**What you will do:** Leave out the images and output the records word for word.

※

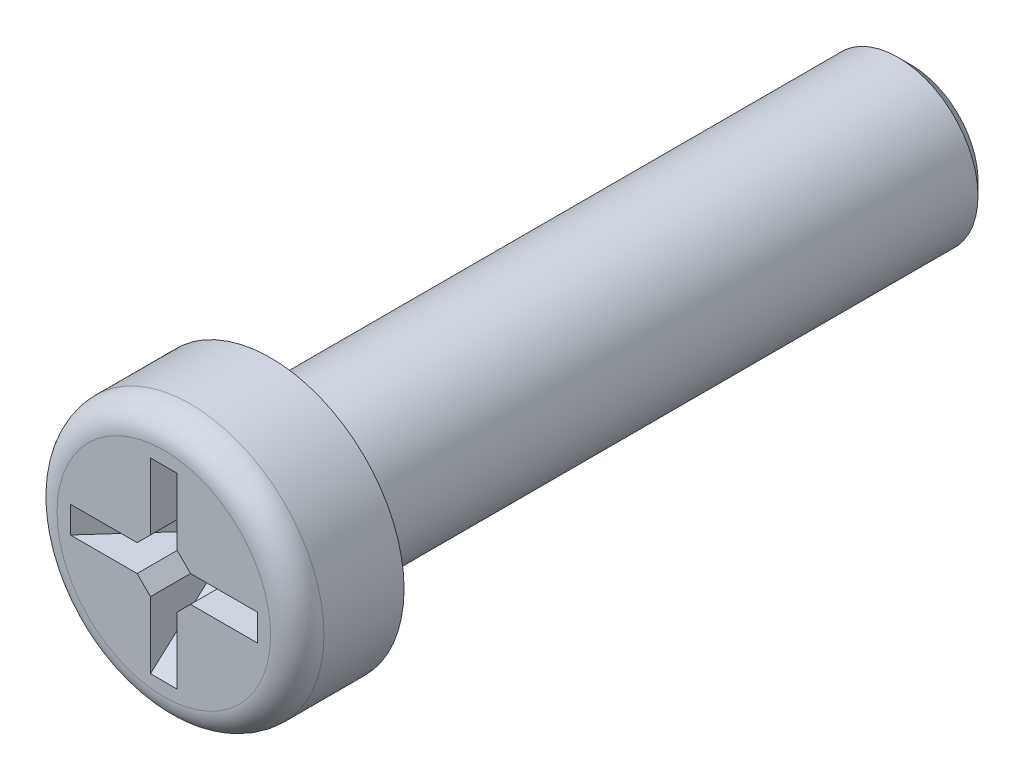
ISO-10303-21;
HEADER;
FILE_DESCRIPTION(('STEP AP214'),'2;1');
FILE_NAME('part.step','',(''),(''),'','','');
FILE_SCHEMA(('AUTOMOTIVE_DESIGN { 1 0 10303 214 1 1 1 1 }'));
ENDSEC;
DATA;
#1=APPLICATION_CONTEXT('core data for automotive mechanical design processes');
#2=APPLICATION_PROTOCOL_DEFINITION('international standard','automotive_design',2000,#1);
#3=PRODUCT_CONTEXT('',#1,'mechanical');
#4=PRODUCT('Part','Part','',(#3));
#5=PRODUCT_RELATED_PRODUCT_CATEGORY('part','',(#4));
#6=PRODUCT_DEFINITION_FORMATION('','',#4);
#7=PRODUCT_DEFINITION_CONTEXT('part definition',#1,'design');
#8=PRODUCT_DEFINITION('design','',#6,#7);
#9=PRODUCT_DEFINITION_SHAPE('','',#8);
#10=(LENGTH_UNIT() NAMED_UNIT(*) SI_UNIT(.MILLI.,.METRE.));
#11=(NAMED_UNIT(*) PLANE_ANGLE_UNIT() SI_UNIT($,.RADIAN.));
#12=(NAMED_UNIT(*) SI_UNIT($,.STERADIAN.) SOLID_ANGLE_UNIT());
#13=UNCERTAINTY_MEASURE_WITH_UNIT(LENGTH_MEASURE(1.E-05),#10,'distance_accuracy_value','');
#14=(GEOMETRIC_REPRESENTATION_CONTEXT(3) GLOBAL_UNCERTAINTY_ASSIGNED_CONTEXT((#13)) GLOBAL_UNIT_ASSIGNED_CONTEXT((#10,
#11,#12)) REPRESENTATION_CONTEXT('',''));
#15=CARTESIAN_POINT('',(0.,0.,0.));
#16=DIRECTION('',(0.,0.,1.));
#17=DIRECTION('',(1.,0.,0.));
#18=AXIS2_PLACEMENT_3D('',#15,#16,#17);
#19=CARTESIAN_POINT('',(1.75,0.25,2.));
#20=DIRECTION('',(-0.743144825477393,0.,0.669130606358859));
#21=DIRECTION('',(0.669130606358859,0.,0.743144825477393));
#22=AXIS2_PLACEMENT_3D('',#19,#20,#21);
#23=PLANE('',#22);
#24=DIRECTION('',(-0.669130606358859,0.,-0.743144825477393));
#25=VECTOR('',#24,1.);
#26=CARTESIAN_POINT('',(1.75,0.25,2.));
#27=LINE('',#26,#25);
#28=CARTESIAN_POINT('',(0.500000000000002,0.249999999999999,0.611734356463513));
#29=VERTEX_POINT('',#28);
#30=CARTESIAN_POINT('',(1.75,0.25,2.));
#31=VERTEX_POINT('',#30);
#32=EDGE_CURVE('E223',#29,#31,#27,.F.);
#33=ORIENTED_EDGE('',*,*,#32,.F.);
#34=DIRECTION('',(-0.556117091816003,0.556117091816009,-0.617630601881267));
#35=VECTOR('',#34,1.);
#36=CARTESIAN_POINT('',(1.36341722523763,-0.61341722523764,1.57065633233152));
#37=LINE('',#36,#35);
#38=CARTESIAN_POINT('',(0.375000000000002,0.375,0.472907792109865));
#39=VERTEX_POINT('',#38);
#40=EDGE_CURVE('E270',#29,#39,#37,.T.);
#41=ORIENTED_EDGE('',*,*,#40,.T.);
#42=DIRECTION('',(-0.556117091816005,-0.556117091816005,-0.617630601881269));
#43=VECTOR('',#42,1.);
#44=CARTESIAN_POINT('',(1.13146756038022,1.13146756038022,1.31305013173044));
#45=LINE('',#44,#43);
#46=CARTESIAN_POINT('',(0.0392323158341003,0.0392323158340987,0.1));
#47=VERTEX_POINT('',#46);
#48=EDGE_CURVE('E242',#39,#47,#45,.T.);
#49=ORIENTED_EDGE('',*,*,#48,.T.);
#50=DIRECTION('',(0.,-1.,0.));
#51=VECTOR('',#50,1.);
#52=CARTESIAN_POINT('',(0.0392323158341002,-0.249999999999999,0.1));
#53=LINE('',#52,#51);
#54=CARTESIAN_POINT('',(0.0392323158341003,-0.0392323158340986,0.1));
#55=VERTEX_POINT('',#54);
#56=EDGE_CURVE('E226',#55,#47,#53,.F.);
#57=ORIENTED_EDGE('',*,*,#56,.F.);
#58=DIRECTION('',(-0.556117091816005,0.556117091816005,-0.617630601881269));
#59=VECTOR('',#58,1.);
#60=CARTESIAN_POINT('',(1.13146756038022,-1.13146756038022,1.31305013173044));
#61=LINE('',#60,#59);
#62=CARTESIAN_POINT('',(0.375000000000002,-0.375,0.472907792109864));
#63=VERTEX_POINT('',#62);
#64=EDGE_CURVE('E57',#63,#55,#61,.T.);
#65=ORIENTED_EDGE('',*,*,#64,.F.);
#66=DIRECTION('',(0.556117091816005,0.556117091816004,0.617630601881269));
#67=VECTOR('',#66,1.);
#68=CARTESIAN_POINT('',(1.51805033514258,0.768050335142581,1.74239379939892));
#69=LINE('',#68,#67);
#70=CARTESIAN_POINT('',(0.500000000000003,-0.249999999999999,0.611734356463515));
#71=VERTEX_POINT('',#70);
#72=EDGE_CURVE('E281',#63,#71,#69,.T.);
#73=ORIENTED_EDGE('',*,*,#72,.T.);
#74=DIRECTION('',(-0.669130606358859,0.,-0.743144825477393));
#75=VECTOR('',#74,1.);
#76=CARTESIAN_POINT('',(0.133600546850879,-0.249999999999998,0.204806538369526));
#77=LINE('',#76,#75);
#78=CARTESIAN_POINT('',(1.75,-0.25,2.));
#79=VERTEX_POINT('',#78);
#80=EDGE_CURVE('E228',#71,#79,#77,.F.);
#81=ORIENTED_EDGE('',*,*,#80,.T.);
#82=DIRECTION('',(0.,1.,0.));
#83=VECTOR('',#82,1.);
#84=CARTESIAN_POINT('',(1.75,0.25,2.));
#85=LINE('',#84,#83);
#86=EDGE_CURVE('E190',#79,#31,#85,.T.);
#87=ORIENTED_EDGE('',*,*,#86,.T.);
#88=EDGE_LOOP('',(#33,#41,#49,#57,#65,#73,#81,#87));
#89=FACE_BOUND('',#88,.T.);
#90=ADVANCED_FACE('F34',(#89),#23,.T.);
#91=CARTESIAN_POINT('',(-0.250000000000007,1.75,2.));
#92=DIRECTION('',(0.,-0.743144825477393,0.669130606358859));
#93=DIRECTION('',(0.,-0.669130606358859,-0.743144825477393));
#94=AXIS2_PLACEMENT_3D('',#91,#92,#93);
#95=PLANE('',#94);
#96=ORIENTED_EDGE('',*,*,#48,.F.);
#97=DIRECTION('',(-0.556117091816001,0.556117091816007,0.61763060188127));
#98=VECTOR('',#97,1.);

※

**Expected output:**
ISO-10303-21;
HEADER;
FILE_DESCRIPTION(('STEP AP214'),'2;1');
FILE_NAME('part.step','',(''),(''),'','','');
FILE_SCHEMA(('AUTOMOTIVE_DESIGN { 1 0 10303 214 1 1 1 1 }'));
ENDSEC;
DATA;
#1=APPLICATION_CONTEXT('core data for automotive mechanical design processes');
#2=APPLICATION_PROTOCOL_DEFINITION('international standard','automotive_design',2000,#1);
#3=PRODUCT_CONTEXT('',#1,'mechanical');
#4=PRODUCT('Part','Part','',(#3));
#5=PRODUCT_RELATED_PRODUCT_CATEGORY('part','',(#4));
#6=PRODUCT_DEFINITION_FORMATION('','',#4);
#7=PRODUCT_DEFINITION_CONTEXT('part definition',#1,'design');
#8=PRODUCT_DEFINITION('design','',#6,#7);
#9=PRODUCT_DEFINITION_SHAPE('','',#8);
#10=(LENGTH_UNIT() NAMED_UNIT(*) SI_UNIT(.MILLI.,.METRE.));
#11=(NAMED_UNIT(*) PLANE_ANGLE_UNIT() SI_UNIT($,.RADIAN.));
#12=(NAMED_UNIT(*) SI_UNIT($,.STERADIAN.) SOLID_ANGLE_UNIT());
#13=UNCERTAINTY_MEASURE_WITH_UNIT(LENGTH_MEASURE(1.E-05),#10,'distance_accuracy_value','');
#14=(GEOMETRIC_REPRESENTATION_CONTEXT(3) GLOBAL_UNCERTAINTY_ASSIGNED_CONTEXT((#13)) GLOBAL_UNIT_ASSIGNED_CONTEXT((#10,
#11,#12)) REPRESENTATION_CONTEXT('',''));
#15=CARTESIAN_POINT('',(0.,0.,0.));
#16=DIRECTION('',(0.,0.,1.));
#17=DIRECTION('',(1.,0.,0.));
#18=AXIS2_PLACEMENT_3D('',#15,#16,#17);
#19=CARTESIAN_POINT('',(1.75,0.25,2.));
#20=DIRECTION('',(-0.743144825477393,0.,0.669130606358859));
#21=DIRECTION('',(0.669130606358859,0.,0.743144825477393));
#22=AXIS2_PLACEMENT_3D('',#19,#20,#21);
#23=PLANE('',#22);
#24=DIRECTION('',(-0.669130606358859,0.,-0.743144825477393));
#25=VECTOR('',#24,1.);
#26=CARTESIAN_POINT('',(1.75,0.25,2.));
#27=LINE('',#26,#25);
#28=CARTESIAN_POINT('',(0.500000000000002,0.249999999999999,0.611734356463513));
#29=VERTEX_POINT('',#28);
#30=CARTESIAN_POINT('',(1.75,0.25,2.));
#31=VERTEX_POINT('',#30);
#32=EDGE_CURVE('E223',#29,#31,#27,.F.);
#33=ORIENTED_EDGE('',*,*,#32,.F.);
#34=DIRECTION('',(-0.556117091816003,0.556117091816009,-0.617630601881267));
#35=VECTOR('',#34,1.);
#36=CARTESIAN_POINT('',(1.36341722523763,-0.61341722523764,1.57065633233152));
#37=LINE('',#36,#35);
#38=CARTESIAN_POINT('',(0.375000000000002,0.375,0.472907792109865));
#39=VERTEX_POINT('',#38);
#40=EDGE_CURVE('E270',#29,#39,#37,.T.);
#41=ORIENTED_EDGE('',*,*,#40,.T.);
#42=DIRECTION('',(-0.556117091816005,-0.556117091816005,-0.617630601881269));
#43=VECTOR('',#42,1.);
#44=CARTESIAN_POINT('',(1.13146756038022,1.13146756038022,1.31305013173044));
#45=LINE('',#44,#43);
#46=CARTESIAN_POINT('',(0.0392323158341003,0.0392323158340987,0.1));
#47=VERTEX_POINT('',#46);
#48=EDGE_CURVE('E242',#39,#47,#45,.T.);
#49=ORIENTED_EDGE('',*,*,#48,.T.);
#50=DIRECTION('',(0.,-1.,0.));
#51=VECTOR('',#50,1.);
#52=CARTESIAN_POINT('',(0.0392323158341002,-0.249999999999999,0.1));
#53=LINE('',#52,#51);
#54=CARTESIAN_POINT('',(0.0392323158341003,-0.0392323158340986,0.1));
#55=VERTEX_POINT('',#54);
#56=EDGE_CURVE('E226',#55,#47,#53,.F.);
#57=ORIENTED_EDGE('',*,*,#56,.F.);
#58=DIRECTION('',(-0.556117091816005,0.556117091816005,-0.617630601881269));
#59=VECTOR('',#58,1.);
#60=CARTESIAN_POINT('',(1.13146756038022,-1.13146756038022,1.31305013173044));
#61=LINE('',#60,#59);
#62=CARTESIAN_POINT('',(0.375000000000002,-0.375,0.472907792109864));
#63=VERTEX_POINT('',#62);
#64=EDGE_CURVE('E57',#63,#55,#61,.T.);
#65=ORIENTED_EDGE('',*,*,#64,.F.);
#66=DIRECTION('',(0.556117091816005,0.556117091816004,0.617630601881269));
#67=VECTOR('',#66,1.);
#68=CARTESIAN_POINT('',(1.51805033514258,0.768050335142581,1.74239379939892));
#69=LINE('',#68,#67);
#70=CARTESIAN_POINT('',(0.500000000000003,-0.249999999999999,0.611734356463515));
#71=VERTEX_POINT('',#70);
#72=EDGE_CURVE('E281',#63,#71,#69,.T.);
#73=ORIENTED_EDGE('',*,*,#72,.T.);
#74=DIRECTION('',(-0.669130606358859,0.,-0.743144825477393));
#75=VECTOR('',#74,1.);
#76=CARTESIAN_POINT('',(0.133600546850879,-0.249999999999998,0.204806538369526));
#77=LINE('',#76,#75);
#78=CARTESIAN_POINT('',(1.75,-0.25,2.));
#79=VERTEX_POINT('',#78);
#80=EDGE_CURVE('E228',#71,#79,#77,.F.);
#81=ORIENTED_EDGE('',*,*,#80,.T.);
#82=DIRECTION('',(0.,1.,0.));
#83=VECTOR('',#82,1.);
#84=CARTESIAN_POINT('',(1.75,0.25,2.));
#85=LINE('',#84,#83);
#86=EDGE_CURVE('E190',#79,#31,#85,.T.);
#87=ORIENTED_EDGE('',*,*,#86,.T.);
#88=EDGE_LOOP('',(#33,#41,#49,#57,#65,#73,#81,#87));
#89=FACE_BOUND('',#88,.T.);
#90=ADVANCED_FACE('F34',(#89),#23,.T.);
#91=CARTESIAN_POINT('',(-0.250000000000007,1.75,2.));
#92=DIRECTION('',(0.,-0.743144825477393,0.669130606358859));
#93=DIRECTION('',(0.,-0.669130606358859,-0.743144825477393));
#94=AXIS2_PLACEMENT_3D('',#91,#92,#93);
#95=PLANE('',#94);
#96=ORIENTED_EDGE('',*,*,#48,.F.);
#97=DIRECTION('',(-0.556117091816001,0.556117091816007,0.61763060188127));
#98=VECTOR('',#97,1.);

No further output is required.